(I wrote the introduction section for the sake of completeness, notation and study. The question per se, is written in the section "My Question")
Introduction
On the one hand of nature, we have gravity; after a course on general relativity we realize two basic things:
$1)$ The mathematical structure of spacetime (manifolds and its differential geometry)
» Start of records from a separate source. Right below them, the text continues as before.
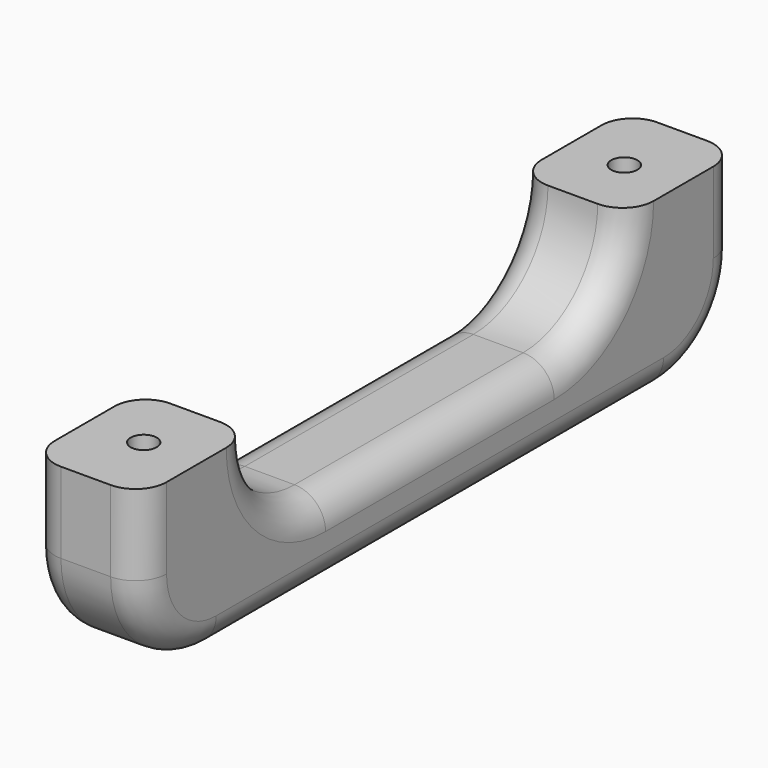
from build123d import *

# Parameters (mm, degrees)
F1_DEPTH     = 18
F3_R         = 2.1
F4_DEPTH     = 25
F5_R         = 14.99999
F6_T1_DEPTH  = 90.00002
F6_T3_DEPTH  = 46.00002
F6_T5_DEPTH  = 12.50001
F6_T7_DEPTH  = 25.50001
F6_T10_ANGLE = 90
F6_T12_ANGLE = 90
F6_T14_ANGLE = 90
F6_T16_ANGLE = 90
F6_T18_ANGLE = 90
F6_T20_ANGLE = 90
F6_T22_ANGLE = 90
F6_T24_ANGLE = 90


# Not quite as in the source:
# - a fillet or chamfer that OpenCascade refuses, or shapes differently, is made with other operations: its cross-section is extruded or revolved along the edge and cut away or added
# - a fillet or chamfer is up to 0.001 mm smaller than in the source, because OpenCascade refuses the exact size


with BuildPart() as f1:
    # F0 (on Right) → F1 (new body)
    with BuildSketch(Plane.YZ):
        Polygon((-60, 28), (-60, 0), (0, 0), (60, 0), (60, 28), (38, 28), (38, 13), (-38, 13), (-38, 28), align=None)
    extrude(amount=F1_DEPTH)

    # F3 (on offset) → F4 (cut)
    with BuildSketch(Plane.XY.offset(28)):
        with Locations((9, 48.35)):
            Circle(F3_R)
        with Locations((9, -48.35)):
            Circle(F3_R)
    extrude(amount=-F4_DEPTH, mode=Mode.SUBTRACT)

    # F5 (radius 15 in the source; OpenCascade refuses exactly that, so slightly less here)
    f5_edges = [f1.edges().sort_by_distance(p)[0] for p in [
        (9, 60, 0),
        (9, -60, 0),
        (9, -38, 13),
        (9, 38, 13),
    ]]
    fillet(f5_edges, radius=F5_R)

    # F6: fillet of radius 5 on 4 edges, made by hand

    # F6_s2 → F6_t1 (cut)
    with BuildSketch(Plane.XZ.offset(-45.00001)):
        with BuildLine():
            ThreePointArc((0, 5), (1.4644660941, 1.4644660941), (5, 0))
            Line((5, 0), (0, 0))
            Line((0, 0), (0, 5))
        make_face()
        with BuildLine():
            ThreePointArc((18, 5), (16.5355339059, 1.4644660941), (13, 0))
            Line((13, 0), (18, 0))
            Line((18, 0), (18, 5))
        make_face()
    extrude(amount=F6_T1_DEPTH, mode=Mode.SUBTRACT)

    # F6_s4 → F6_t3 (cut)
    with BuildSketch(Plane.XZ.offset(-23.00001)):
        with BuildLine():
            ThreePointArc((0, 8), (1.4644660941, 11.5355339059), (5, 13))
            Line((5, 13), (0, 13))
            Line((0, 13), (0, 8))
        make_face()
        with BuildLine():
            ThreePointArc((18, 8), (16.5355339059, 11.5355339059), (13, 13))
            Line((13, 13), (18, 13))
            Line((18, 13), (18, 8))
        make_face()
    extrude(amount=F6_T3_DEPTH, mode=Mode.SUBTRACT)

    # F6_s6 → F6_t5 (cut)
    with BuildSketch(Plane.XY.offset(27.99999)):
        with BuildLine():
            ThreePointArc((18, -43), (16.5355339059, -39.4644660941), (13, -38))
            Line((13, -38), (18, -38))
            Line((18, -38), (18, -43))
        make_face()
        with BuildLine():
            ThreePointArc((18, 43), (16.5355339059, 39.4644660941), (13, 38))
            Line((13, 38), (18, 38))
            Line((18, 38), (18, 43))
        make_face()
        with BuildLine():
            ThreePointArc((0, -43), (1.4644660941, -39.4644660941), (5, -38))
            Line((5, -38), (0, -38))
            Line((0, -38), (0, -43))
        make_face()
        with BuildLine():
            ThreePointArc((0, 43), (1.4644660941, 39.4644660941), (5, 38))
            Line((5, 38), (0, 38))
            Line((0, 38), (0, 43))
        make_face()
    extrude(amount=F6_T5_DEPTH, mode=Mode.SUBTRACT)

    # F6_s8 → F6_t7 (cut)
    with BuildSketch(Plane.XY.offset(14.99999)):
        with BuildLine():
            ThreePointArc((13, -60), (16.5355339059, -58.5355339059), (18, -55))
            Line((18, -55), (18, -60))
            Line((18, -60), (13, -60))
        make_face()
        with BuildLine():
            ThreePointArc((18, 55), (16.5355339059, 58.5355339059), (13, 60))
            Line((13, 60), (18, 60))
            Line((18, 60), (18, 55))
        make_face()
        with BuildLine():
            ThreePointArc((0, 55), (1.4644660941, 58.5355339059), (5, 60))
            Line((5, 60), (0, 60))
            Line((0, 60), (0, 55))
        make_face()
        with BuildLine():
            ThreePointArc((5, -60), (1.4644660941, -58.5355339059), (0, -55))
            Line((0, -55), (0, -60))
            Line((0, -60), (5, -60))
        make_face()
    extrude(amount=F6_T7_DEPTH, mode=Mode.SUBTRACT)

    # F6_s9 → F6_t10 (revolve, cut)
    with BuildSketch(Plane.XY.offset(27.99999)):
        with BuildLine():
            ThreePointArc((18, 43), (16.5355339059, 39.4644660941), (13, 38))
            Line((13, 38), (18, 38))
            Line((18, 38), (18, 43))
        make_face()
    revolve(axis=Axis((18, 23.00001, 27.99999), (-1, 0, 0)), revolution_arc=F6_T10_ANGLE, mode=Mode.SUBTRACT)

    # F6_s11 → F6_t12 (revolve, cut)
    with BuildSketch(Plane.XY.offset(27.99999)):
        with BuildLine():
            ThreePointArc((18, -43), (16.5355339059, -39.4644660941), (13, -38))
            Line((13, -38), (18, -38))
            Line((18, -38), (18, -43))
        make_face()
    revolve(axis=Axis((18, -23.00001, 27.99999), (1, 0, 0)), revolution_arc=F6_T12_ANGLE, mode=Mode.SUBTRACT)

    # F6_s13 → F6_t14 (revolve, cut)
    with BuildSketch(Plane.XY.offset(27.99999)):
        with BuildLine():
            ThreePointArc((0, 43), (1.4644660941, 39.4644660941), (5, 38))
            Line((5, 38), (0, 38))
            Line((0, 38), (0, 43))
        make_face()
    revolve(axis=Axis((0, 23.00001, 27.99999), (-1, 0, 0)), revolution_arc=F6_T14_ANGLE, mode=Mode.SUBTRACT)

    # F6_s15 → F6_t16 (revolve, cut)
    with BuildSketch(Plane.XY.offset(27.99999)):
        with BuildLine():
            ThreePointArc((0, -43), (1.4644660941, -39.4644660941), (5, -38))
            Line((5, -38), (0, -38))
            Line((0, -38), (0, -43))
        make_face()
    revolve(axis=Axis((0, -23.00001, 27.99999), (1, 0, 0)), revolution_arc=F6_T16_ANGLE, mode=Mode.SUBTRACT)

    # F6_s17 → F6_t18 (revolve, cut)
    with BuildSketch(Plane.XZ.offset(-45.00001)):
        with BuildLine():
            ThreePointArc((18, 5), (16.5355339059, 1.4644660941), (13, 0))
            Line((13, 0), (18, 0))
            Line((18, 0), (18, 5))
        make_face()
    revolve(axis=Axis((18, 45.00001, 14.99999), (1, 0, 0)), revolution_arc=F6_T18_ANGLE, mode=Mode.SUBTRACT)

    # F6_s19 → F6_t20 (revolve, cut)
    with BuildSketch(Plane.XY.offset(14.99999)):
        with BuildLine():
            ThreePointArc((13, -60), (16.5355339059, -58.5355339059), (18, -55))
            Line((18, -55), (18, -60))
            Line((18, -60), (13, -60))
        make_face()
    revolve(axis=Axis((18, -45.00001, 14.99999), (1, 0, 0)), revolution_arc=F6_T20_ANGLE, mode=Mode.SUBTRACT)

    # F6_s21 → F6_t22 (revolve, cut)
    with BuildSketch(Plane.XY.offset(14.99999)):
        with BuildLine():
            ThreePointArc((0, -55), (1.4644660941, -58.5355339059), (5, -60))
            Line((5, -60), (0, -60))
            Line((0, -60), (0, -55))
        make_face()
    revolve(axis=Axis((0, -45.00001, 14.99999), (1, 0, 0)), revolution_arc=F6_T22_ANGLE, mode=Mode.SUBTRACT)

    # F6_s23 → F6_t24 (revolve, cut)
    with BuildSketch(Plane.XZ.offset(-45.00001)):
        with BuildLine():
            ThreePointArc((0, 5), (1.4644660941, 1.4644660941), (5, 0))
            Line((5, 0), (0, 0))
            Line((0, 0), (0, 5))
        make_face()
    revolve(axis=Axis((0, 45.00001, 14.99999), (1, 0, 0)), revolution_arc=F6_T24_ANGLE, mode=Mode.SUBTRACT)


solid = f1.part

$2)$ General Relativity (GR) deals with a fundamental interaction of nature called gravity; its dynamics, from quantum field theory $[1]$ to the large scale structure of universe $[2]$, is given by Einstein Field Equations:
$$\delta S_{g_{\mu\nu}} = \frac{-1}{16\pi}\int_{(\mathcal{M},g)} R\sqrt{-g}dx^{4}=0 \implies R_{\mu\nu} -\frac{1}{2}R g_{\mu\nu} = 8\pi T_{\mu\nu}. \tag{1}$$
On the other hand of nature, we have the standard model; after some quantum field theory we realize that the free fields of the fundamental interactions of nature are expressed in a flat spacetime background approximation, given by $[3]$:
$$\delta S_{\mathrm{SM}} = \int_{(\mathbb{R}^{4},\eta)} \Big\{\frac{-1}{4\pi} B_{\mu\nu}B^{\mu\nu} - \frac{1}{4\pi} W^{a}_{\mu\nu}W_{a}^{\mu\nu} - \frac{1}{4\pi} G^{a}_{\mu\nu}G_{a}^{\mu\nu} \Big\}dx^{4} . \tag{2}$$
Fibre Bundles
Given a manifold $\mathcal{M}$, we construct another manifold $\mathcal{B}_{\mathcal{M}}$, called fibre bundle. A fibre bundle is a mathematcal structure with the following algebraic elements $[4]$:
$1)$ A differentiable manifold $\mathcal{E}$ called the total space.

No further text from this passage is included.